- [What is needed] Starting at the line below holding "FILE_NAME('part.step','',(''),(''),'','','');" and stopping at the line holding "#22=AXIS2_PLACEMENT_3D('',#19,#20,#21);", print every line exactly, both ends included, and leave the rest out.

- [Extracted data]
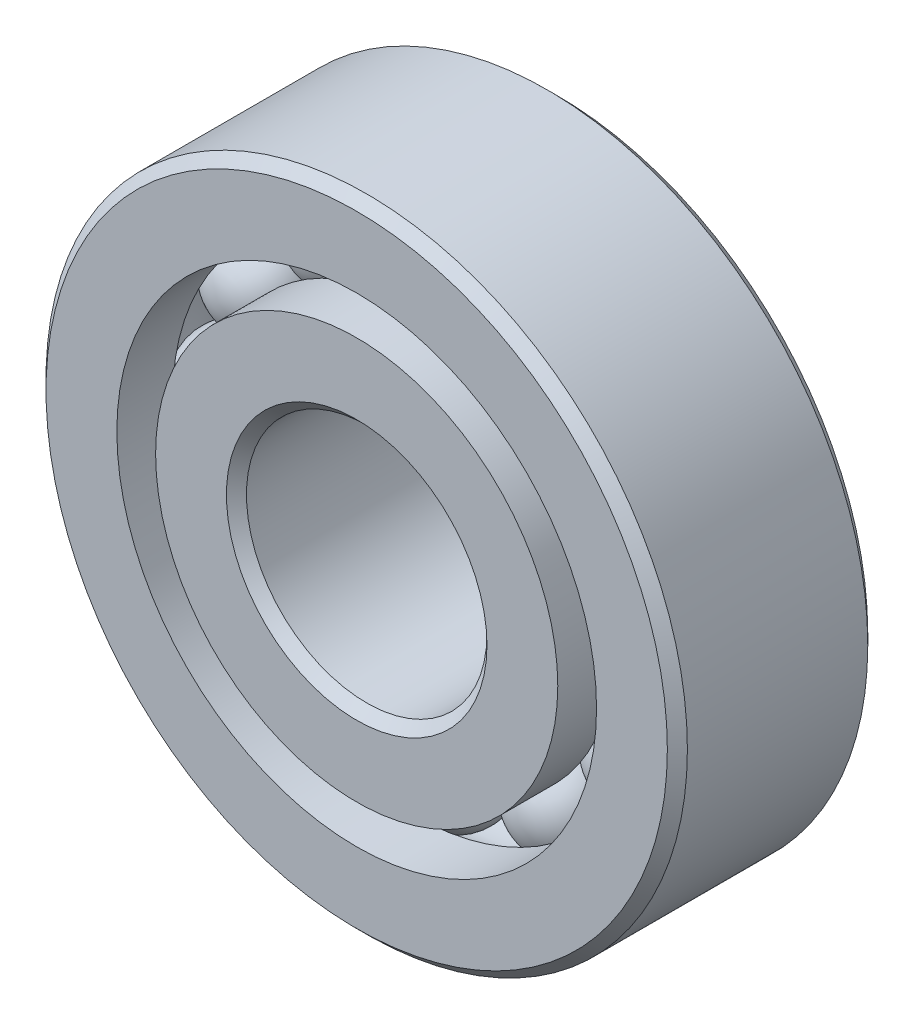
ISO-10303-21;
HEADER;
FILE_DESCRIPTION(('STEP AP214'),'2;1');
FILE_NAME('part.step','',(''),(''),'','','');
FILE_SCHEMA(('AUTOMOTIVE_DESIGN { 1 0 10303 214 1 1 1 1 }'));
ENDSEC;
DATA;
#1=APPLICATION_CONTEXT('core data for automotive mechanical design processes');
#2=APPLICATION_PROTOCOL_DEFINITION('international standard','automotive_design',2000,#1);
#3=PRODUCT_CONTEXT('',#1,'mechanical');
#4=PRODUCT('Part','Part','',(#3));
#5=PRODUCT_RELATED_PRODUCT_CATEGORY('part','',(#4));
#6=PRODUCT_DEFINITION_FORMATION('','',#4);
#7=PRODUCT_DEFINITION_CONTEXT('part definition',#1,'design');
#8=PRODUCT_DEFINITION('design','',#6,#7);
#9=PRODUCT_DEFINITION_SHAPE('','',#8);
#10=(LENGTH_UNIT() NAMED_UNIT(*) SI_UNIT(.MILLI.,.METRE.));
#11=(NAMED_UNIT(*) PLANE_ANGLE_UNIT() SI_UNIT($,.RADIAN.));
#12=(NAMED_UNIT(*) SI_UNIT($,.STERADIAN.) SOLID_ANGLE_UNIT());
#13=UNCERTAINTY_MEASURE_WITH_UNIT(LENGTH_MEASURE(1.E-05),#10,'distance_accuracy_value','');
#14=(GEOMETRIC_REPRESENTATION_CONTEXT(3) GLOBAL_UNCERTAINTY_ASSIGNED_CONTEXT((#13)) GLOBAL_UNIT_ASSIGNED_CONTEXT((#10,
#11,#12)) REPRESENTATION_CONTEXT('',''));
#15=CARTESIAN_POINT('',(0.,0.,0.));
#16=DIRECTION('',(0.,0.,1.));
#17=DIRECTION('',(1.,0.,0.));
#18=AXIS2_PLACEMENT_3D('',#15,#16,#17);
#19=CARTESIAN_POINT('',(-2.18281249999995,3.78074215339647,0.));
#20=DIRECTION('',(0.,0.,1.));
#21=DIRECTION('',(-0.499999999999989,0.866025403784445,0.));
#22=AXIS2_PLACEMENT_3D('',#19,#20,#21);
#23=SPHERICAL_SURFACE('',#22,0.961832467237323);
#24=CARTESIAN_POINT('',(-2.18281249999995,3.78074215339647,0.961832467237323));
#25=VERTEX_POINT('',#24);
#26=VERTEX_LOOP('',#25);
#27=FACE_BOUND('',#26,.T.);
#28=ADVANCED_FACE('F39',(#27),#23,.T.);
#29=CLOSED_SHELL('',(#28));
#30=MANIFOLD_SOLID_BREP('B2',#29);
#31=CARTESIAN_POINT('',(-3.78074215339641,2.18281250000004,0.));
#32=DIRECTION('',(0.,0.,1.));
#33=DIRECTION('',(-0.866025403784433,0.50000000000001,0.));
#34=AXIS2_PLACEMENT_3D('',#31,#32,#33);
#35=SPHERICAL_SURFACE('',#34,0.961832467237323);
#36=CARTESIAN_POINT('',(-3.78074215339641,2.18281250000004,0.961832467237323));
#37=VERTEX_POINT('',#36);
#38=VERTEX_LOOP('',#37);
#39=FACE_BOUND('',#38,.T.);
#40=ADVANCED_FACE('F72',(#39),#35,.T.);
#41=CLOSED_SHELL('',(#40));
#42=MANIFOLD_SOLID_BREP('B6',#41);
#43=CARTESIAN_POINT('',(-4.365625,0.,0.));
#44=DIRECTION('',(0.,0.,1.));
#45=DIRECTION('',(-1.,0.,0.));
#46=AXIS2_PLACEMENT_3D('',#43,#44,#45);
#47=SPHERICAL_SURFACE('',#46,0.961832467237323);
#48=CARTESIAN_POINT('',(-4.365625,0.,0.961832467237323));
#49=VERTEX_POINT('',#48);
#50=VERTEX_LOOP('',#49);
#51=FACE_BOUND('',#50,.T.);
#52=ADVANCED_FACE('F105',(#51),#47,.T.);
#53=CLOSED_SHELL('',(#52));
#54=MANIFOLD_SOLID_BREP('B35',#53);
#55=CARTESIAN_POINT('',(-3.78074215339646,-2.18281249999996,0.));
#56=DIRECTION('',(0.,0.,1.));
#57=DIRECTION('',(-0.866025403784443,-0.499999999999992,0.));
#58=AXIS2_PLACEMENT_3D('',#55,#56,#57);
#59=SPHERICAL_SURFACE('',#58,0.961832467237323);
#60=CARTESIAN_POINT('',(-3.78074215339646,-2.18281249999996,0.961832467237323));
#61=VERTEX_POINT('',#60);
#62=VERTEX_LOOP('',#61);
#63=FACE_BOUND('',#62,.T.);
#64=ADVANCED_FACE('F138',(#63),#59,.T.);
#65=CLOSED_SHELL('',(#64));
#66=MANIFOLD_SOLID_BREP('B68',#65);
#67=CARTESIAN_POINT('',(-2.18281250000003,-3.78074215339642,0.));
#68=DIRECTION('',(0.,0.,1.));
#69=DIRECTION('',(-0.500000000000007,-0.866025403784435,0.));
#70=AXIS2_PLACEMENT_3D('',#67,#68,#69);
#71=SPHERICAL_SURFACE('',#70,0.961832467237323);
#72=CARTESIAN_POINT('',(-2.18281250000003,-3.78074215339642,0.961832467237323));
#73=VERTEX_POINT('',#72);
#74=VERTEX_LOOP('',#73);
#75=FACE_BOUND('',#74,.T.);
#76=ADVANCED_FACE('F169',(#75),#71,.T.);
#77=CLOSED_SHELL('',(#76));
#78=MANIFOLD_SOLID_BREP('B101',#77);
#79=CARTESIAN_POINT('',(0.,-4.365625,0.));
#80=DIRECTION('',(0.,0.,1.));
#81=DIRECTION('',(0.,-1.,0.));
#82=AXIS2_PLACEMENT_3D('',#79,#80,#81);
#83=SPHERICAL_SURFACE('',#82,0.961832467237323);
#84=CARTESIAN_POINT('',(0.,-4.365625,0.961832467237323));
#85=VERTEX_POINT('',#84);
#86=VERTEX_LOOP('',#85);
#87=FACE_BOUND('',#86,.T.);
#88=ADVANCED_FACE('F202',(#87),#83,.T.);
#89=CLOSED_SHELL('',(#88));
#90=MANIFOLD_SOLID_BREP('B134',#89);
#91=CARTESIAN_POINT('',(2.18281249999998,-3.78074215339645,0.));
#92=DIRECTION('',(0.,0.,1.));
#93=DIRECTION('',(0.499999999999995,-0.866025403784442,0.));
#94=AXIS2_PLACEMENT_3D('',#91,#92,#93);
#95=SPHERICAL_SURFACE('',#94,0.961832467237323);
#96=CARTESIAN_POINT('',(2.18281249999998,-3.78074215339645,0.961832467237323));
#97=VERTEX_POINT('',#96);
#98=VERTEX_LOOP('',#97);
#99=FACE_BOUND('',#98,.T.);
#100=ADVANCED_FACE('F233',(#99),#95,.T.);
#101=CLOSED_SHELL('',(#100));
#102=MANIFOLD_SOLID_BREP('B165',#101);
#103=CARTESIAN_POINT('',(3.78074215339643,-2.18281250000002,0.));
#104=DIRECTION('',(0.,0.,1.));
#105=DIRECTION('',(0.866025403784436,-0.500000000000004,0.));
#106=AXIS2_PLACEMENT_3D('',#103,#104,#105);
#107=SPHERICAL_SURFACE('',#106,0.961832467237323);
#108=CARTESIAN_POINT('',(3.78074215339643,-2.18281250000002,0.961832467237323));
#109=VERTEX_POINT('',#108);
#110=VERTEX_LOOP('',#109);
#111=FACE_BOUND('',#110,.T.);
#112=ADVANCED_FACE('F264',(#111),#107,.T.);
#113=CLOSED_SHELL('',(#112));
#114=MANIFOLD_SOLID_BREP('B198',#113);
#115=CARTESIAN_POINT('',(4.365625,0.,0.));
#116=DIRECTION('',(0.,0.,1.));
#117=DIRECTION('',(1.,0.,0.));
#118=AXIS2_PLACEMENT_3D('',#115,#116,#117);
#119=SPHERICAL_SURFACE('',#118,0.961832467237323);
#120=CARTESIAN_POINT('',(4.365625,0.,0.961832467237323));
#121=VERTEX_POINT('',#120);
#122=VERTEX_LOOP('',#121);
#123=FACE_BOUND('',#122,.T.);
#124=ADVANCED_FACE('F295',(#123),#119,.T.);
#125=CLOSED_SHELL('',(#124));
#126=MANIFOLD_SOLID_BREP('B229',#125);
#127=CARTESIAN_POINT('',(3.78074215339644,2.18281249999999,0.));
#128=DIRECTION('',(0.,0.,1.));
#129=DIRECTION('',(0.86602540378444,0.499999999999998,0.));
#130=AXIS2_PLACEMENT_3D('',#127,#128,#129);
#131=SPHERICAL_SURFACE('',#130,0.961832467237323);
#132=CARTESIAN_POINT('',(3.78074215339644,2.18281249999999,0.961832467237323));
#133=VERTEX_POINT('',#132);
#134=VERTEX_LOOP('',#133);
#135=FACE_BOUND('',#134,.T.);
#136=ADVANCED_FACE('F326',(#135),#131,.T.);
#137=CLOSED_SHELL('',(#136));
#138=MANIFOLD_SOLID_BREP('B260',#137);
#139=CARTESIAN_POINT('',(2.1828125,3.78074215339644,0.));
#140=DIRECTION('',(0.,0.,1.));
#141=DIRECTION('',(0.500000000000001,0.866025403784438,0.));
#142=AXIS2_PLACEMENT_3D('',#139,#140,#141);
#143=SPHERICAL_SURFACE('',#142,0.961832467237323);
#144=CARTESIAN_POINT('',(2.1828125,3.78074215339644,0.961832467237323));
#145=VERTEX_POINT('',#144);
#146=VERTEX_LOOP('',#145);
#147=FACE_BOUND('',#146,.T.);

- [Result]
FILE_NAME('part.step','',(''),(''),'','','');
FILE_SCHEMA(('AUTOMOTIVE_DESIGN { 1 0 10303 214 1 1 1 1 }'));
ENDSEC;
DATA;
#1=APPLICATION_CONTEXT('core data for automotive mechanical design processes');
#2=APPLICATION_PROTOCOL_DEFINITION('international standard','automotive_design',2000,#1);
#3=PRODUCT_CONTEXT('',#1,'mechanical');
#4=PRODUCT('Part','Part','',(#3));
#5=PRODUCT_RELATED_PRODUCT_CATEGORY('part','',(#4));
#6=PRODUCT_DEFINITION_FORMATION('','',#4);
#7=PRODUCT_DEFINITION_CONTEXT('part definition',#1,'design');
#8=PRODUCT_DEFINITION('design','',#6,#7);
#9=PRODUCT_DEFINITION_SHAPE('','',#8);
#10=(LENGTH_UNIT() NAMED_UNIT(*) SI_UNIT(.MILLI.,.METRE.));
#11=(NAMED_UNIT(*) PLANE_ANGLE_UNIT() SI_UNIT($,.RADIAN.));
#12=(NAMED_UNIT(*) SI_UNIT($,.STERADIAN.) SOLID_ANGLE_UNIT());
#13=UNCERTAINTY_MEASURE_WITH_UNIT(LENGTH_MEASURE(1.E-05),#10,'distance_accuracy_value','');
#14=(GEOMETRIC_REPRESENTATION_CONTEXT(3) GLOBAL_UNCERTAINTY_ASSIGNED_CONTEXT((#13)) GLOBAL_UNIT_ASSIGNED_CONTEXT((#10,
#11,#12)) REPRESENTATION_CONTEXT('',''));
#15=CARTESIAN_POINT('',(0.,0.,0.));
#16=DIRECTION('',(0.,0.,1.));
#17=DIRECTION('',(1.,0.,0.));
#18=AXIS2_PLACEMENT_3D('',#15,#16,#17);
#19=CARTESIAN_POINT('',(-2.18281249999995,3.78074215339647,0.));
#20=DIRECTION('',(0.,0.,1.));
#21=DIRECTION('',(-0.499999999999989,0.866025403784445,0.));
#22=AXIS2_PLACEMENT_3D('',#19,#20,#21);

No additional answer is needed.